What the task asks: In the listing below, pick out lines with "linetype".

Records to process:
============================================================
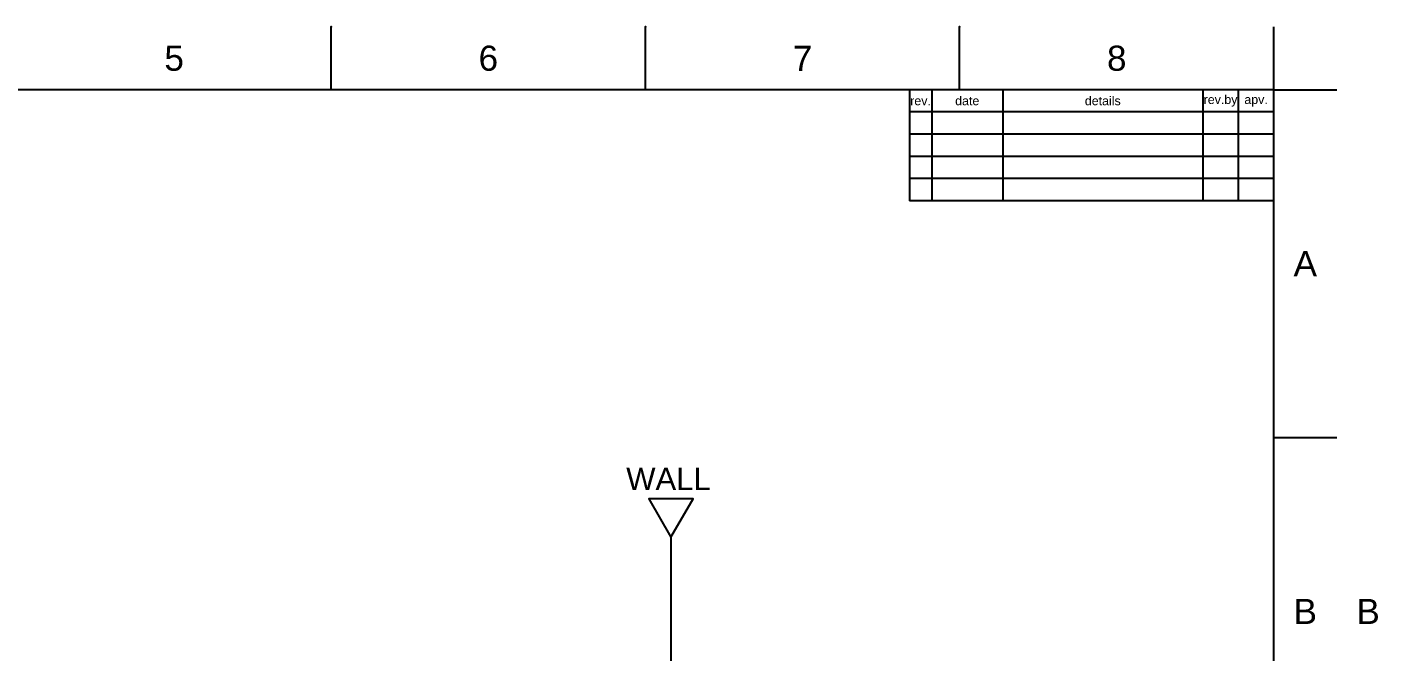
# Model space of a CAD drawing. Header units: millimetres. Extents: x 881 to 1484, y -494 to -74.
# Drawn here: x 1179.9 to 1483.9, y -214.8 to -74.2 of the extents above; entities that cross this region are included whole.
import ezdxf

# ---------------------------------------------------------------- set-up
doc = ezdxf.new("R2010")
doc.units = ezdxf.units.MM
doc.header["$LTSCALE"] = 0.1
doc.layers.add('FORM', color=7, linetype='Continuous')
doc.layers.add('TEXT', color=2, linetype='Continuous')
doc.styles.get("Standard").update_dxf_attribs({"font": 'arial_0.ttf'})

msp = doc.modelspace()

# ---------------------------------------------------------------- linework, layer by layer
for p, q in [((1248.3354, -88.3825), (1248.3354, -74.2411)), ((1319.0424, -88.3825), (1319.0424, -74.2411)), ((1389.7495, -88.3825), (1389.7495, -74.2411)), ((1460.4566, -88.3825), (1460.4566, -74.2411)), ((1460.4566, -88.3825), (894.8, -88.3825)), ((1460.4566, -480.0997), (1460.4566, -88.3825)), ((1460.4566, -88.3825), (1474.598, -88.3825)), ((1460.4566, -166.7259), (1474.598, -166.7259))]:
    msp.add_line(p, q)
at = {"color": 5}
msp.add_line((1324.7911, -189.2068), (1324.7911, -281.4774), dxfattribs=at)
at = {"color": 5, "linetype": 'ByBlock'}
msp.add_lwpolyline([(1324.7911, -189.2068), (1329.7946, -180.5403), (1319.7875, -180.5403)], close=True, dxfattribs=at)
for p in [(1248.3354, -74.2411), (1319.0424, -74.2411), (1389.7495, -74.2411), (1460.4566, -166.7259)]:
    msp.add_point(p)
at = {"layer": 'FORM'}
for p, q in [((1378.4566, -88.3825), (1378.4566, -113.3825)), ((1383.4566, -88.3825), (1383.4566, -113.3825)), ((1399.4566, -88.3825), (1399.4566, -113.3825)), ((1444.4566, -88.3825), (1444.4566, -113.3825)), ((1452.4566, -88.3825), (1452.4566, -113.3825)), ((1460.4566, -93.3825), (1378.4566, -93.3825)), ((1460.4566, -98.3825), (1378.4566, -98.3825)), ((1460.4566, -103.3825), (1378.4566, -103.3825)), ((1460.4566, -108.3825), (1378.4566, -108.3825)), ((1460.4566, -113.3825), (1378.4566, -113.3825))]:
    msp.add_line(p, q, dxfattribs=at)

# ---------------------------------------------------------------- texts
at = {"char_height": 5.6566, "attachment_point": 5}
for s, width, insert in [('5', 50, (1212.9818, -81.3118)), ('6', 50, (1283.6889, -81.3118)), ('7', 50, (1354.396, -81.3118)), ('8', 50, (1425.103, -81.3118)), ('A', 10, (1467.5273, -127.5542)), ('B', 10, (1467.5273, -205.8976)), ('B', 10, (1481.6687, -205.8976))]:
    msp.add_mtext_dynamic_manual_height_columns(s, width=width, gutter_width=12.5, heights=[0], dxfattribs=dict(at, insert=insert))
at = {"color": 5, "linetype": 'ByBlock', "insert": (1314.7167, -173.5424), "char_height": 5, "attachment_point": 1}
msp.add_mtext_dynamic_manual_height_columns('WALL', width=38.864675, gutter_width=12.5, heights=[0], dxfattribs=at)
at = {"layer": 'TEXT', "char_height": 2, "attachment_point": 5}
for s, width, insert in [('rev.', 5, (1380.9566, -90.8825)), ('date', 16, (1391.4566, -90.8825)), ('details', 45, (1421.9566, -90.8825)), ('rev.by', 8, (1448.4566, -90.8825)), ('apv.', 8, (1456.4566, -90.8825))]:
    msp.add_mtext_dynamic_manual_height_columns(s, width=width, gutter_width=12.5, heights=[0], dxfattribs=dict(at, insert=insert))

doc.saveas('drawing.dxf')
============================================================
Answer box:
doc.layers.add('FORM', color=7, linetype='Continuous')
doc.layers.add('TEXT', color=2, linetype='Continuous')
at = {"color": 5, "linetype": 'ByBlock'}
at = {"color": 5, "linetype": 'ByBlock', "insert": (1314.7167, -173.5424), "char_height": 5, "attachment_point": 1}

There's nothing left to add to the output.